For a group over a field

Suppose $G$ is a group and $K$ is a field. The maximum degree of irreducible representation of $G$ is defined as the maximum of all the degrees of irreducible representations of $G$ over $K$.

Typical context: finite group and splitting field

The typical context is where $G$ is a finite group and $K$ is a splitting field for $G$. In particular, the characteristic of $K$ is either zero or is a prime not dividing the order of $G$, and every irreducible representation of $G$ over any extension field of $K$ can be realized over $K$.

Note that the maximum degree of irreducible representation depends (if at all) only on the characteristic of the field $K$. This is because the degrees of irreducible representations over a splitting field depend only on the characteristic of the field.

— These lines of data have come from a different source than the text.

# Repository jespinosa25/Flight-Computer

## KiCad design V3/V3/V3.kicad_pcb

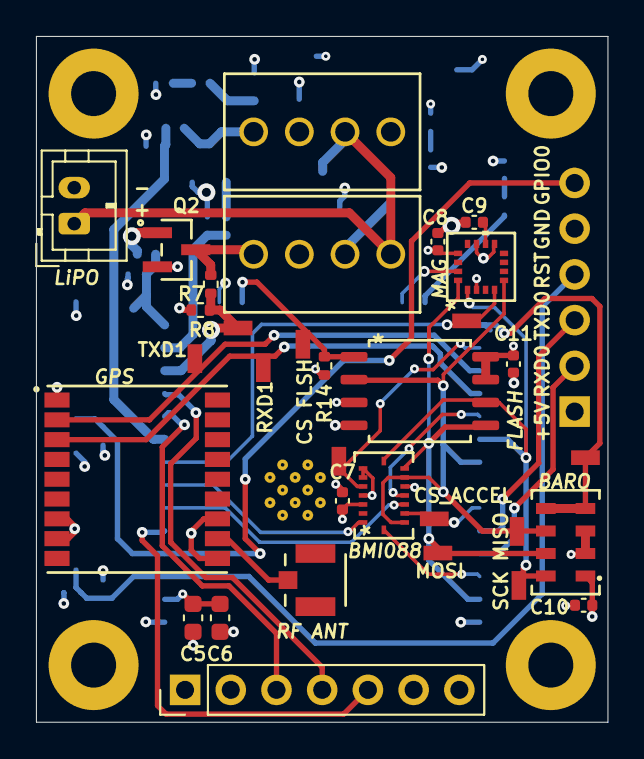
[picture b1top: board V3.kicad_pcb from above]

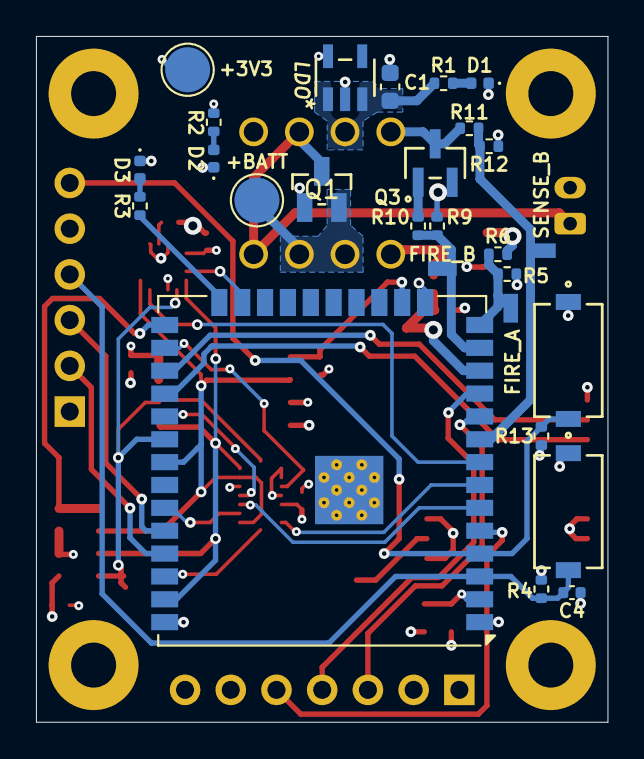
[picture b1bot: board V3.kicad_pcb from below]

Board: 4 copper layers, 31.8 x 38.1 mm, 64 parts (28 on the bottom side), 40 nets.

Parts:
+3V3: TestPoint; TestPoint_Pad_D2.5mm
+BATT: TestPoint; TestPoint_Pad_D2.5mm
BARO: MS560702BA03-50; SON8_MS5611_TEC
BMI088
: BMI088; QFN_BMI085_BOS
BT1: LiPO; JST_PH_B2B-PH-K_1x02_P2.00mm_Vertical
C1: 22uF; C_0603_1608Metric
C4, C8: 1uF; C_0402_1005Metric
C5: 10uF; C_0603_1608Metric
C6: 0.1uF; C_0603_1608Metric
C7, C10, C11: 0.1uF; C_0402_1005Metric
C9: 10uF; C_0402_1005Metric
D1: RED; LED_0402_1005Metric
D2: GREEN; LED_0402_1005Metric
D3: BLUE; LED_0402_1005Metric
FLASH: W25Q16JVSSIQ; W25Q16JVSSIQ_WIN
GPS: MAX-M10M-00B; MOD18_MAX-M10M_UBL
H1, H2, H3, H4: MountingHole_Pad; MountingHole_2.5mm_Pad
J1, J2: Conn_01x04_Pin; CONN_1725672_PXC
J3: Conn_01x06_Pin; PinSocket_1x06_P2.54mm_Vertical
J4: Conn_01x07_Pin; PinHeader_1x07_P2.54mm_Vertical
J5: 2337019-1; CONN_2337019-1_TEC
LDO: LD2980ABM33TR; SOT23-5L_STM
MAG: MMC5983MA; MMC5983MA_MEM
Q1: DMP3099L-7; DMP3099L-7_DIO
Q2, Q3: NMOS; SOT-23_MCC-M
R1: 110; R_0402_1005Metric
R2, R3: 50; R_0402_1005Metric
R4, R13, R14: 10k; R_0402_1005Metric
R5, R7, R9, R11: 100k; R_0402_1005Metric
R6, R10: 1k; R_0402_1005Metric
R8, R12: 27k; R_0402_1005Metric
SW1, SW2: PTS636 SM50J SMTR LFS; SW_PTS636_CNK
TP3, TP4, TP5, TP6, TP7, TP8, TP9, TP10, TP11, TP12, TP13, TP14, TP16, TP17: TestPoint; CONN1_RCU-0C_TEC
U3: ESP32-WROOM-32UE

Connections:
+3.3V: +3V3.1, BARO.1 (VDD), BMI088.3 (VDD), BMI088.11 (VDDIO), C5.1, C6.1, C7.1, C8.1, C10.2, C11.1, FLASH.3 (/WP_(IO2)), FLASH.7 (HOLD), FLASH.8 (VIN), GPS.7 (V_IO), GPS.8 (VCC), J4.6, LDO.5 (VOUT), MAG.2 (VDD), MAG.13 (VDDIO), R2.1, R4.2, R13.2, R14.2, U3.2 (VDD)
+BATT: +BATT.1, C1.1, J1.2, J1.3, J2.3, LDO.1 (VIN), LDO.3 (INHIBIT), Q1.2 (S), R1.1
ACCEL_INT_A: BMI088.16 (INT1), U3.36 (IO22)
ACCEL_INT_B: BMI088.1 (INT2), U3.7 (IO35)
CS_ACCEL: BMI088.14 (CSB1), TP10.1, U3.33 (IO21)
CS_BARO: BARO.4 (CSB), BARO.5 (CSB), TP12.1, U3.25 (IO0)
CS_FLASH: FLASH.1 (CS), R14.1, TP14.1, U3.16 (IO13)
CS_GYRO: BMI088.5 (CSB2), TP11.1, U3.26 (IO4)
CS_MAG: MAG.4 (SPI_CS), TP13.1, U3.8 (IO32)
FIRE_A: R5.1, R6.1, TP6.1, U3.14 (IO12)
FIRE_B: R9.1, R10.1, TP7.1, U3.13 (IO14)
GND: BARO.2 (PS), BARO.3 (GND), BMI088.4 (GNDA), BMI088.6 (GNDIO), BMI088.7 (PS), BT1.2 (-), C1.2, C4.2, C5.2, C6.2, C7.2, C8.2, C9.2, C10.1, C11.2, D1.1 (K), D2.1 (K), D3.1 (K), FLASH.4 (GND), GPS.1 (GND), GPS.10 (GND), GPS.12 (GND), H1.1, H2.1, H3.1, H4.1, J2.1, J3.5, J4.1, J4.2, J4.7, LDO.2 (GND), MAG.9 (GND), MAG.11 (GND), Q1.1 (G), Q2.2 (S), Q3.2 (S), R5.2, R8.1, R9.2, R12.1, SW1.1, SW2.1, U3.1 (GND), U3.15 (GND), U3.38 (GND), U3.39 (GND)
GPIO_0: J3.6, R13.1, SW2.2, U3.4 (SENSOR_VP)
GYRO_INT_A: BMI088.12 (INT3), U3.29 (IO5)
GYRO_INT_B: BMI088.13 (INT4), U3.6 (IO34)
MAG_INT: MAG.15 (INT), U3.23 (IO15)
MISO: BARO.6 (SDO), BMI088.10 (SDO2), BMI088.15 (SDO1), FLASH.2 (DO_(IO1)), MAG.5 (SPI_SDO), TP3.1, U3.31 (IO19)
MOSI: BARO.7 (SDI/SDA), BMI088.9 (SDA/SDI), FLASH.5 (DI_(IO0)), MAG.16 (SDA/SPI_SDI), TP4.1, U3.37 (IO23)
MOS_A: J1.4, Q2.3 (D), R7.2
MOS_B: J2.4, Q3.3 (D), R11.2
unnamed: D1.2 (A), R1.2
unnamed: D2.2 (A), R2.2
unnamed: D3.2 (A), R3.2
unnamed: Q2.1 (G), R6.2
unnamed: Q3.1 (G), R10.2
unnamed: GPS.11 (RF_IN), J5.1
unnamed: C9.1, MAG.10 (CAP)
PROGRAM_LED: R3.1, U3.24 (IO2)
RAW_BATT: BT1.1 (+), J1.1, J2.2, Q1.3 (D)
RESET: C4.1, J3.4, R4.1, SW1.2, U3.3 (EN)
RF_INT: J4.5, U3.5 (SENSOR_VN)
RXD0: J3.2, U3.35 (TXD0/IO1)
RXD1: GPS.3 (RXD), TP8.1, U3.28 (IO17)
RXD2: J4.3, U3.10 (IO25)
SCK: BARO.8 (SCLK), BMI088.8 (SCL/SCK), FLASH.6 (CLK), MAG.1 (SCL/SPI_SCK), TP5.1, U3.30 (IO18)
SENSE_A: R7.1, R8.2, TP16.1, U3.12 (IO27)
SENSE_B: R11.1, R12.2, TP17.1, U3.9 (IO33)
TXD0: J3.3, U3.34 (RXD0/IO3)
TXD1: GPS.2 (TXD), TP9.1, U3.27 (IO16)
TXD2: J4.4, U3.11 (IO26)

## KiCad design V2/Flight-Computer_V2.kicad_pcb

Default case: characteristic zero

By default, when referring to the maximum degree of irreducible representation, we refer to the case of characteristic zero, and we can in particular take $K = \mathbb{C}$.

Related notions

• Quasirandom degree is the minimum of the degrees of nontrivial irreducible representations.

Facts

Subgroups

The proofs presented for these facts seem to rely on the assumption that the characteristic of the field does not divide the order of the group, although it might be possible to adapt them to the modular case:

Particular cases

For any finite abelian group, all the irreducible representations over a splitting field are one-dimensional, so the maximum degree of irreducible representation over any splitting field is one-dimensional. The situation may be different over non-splitting fields.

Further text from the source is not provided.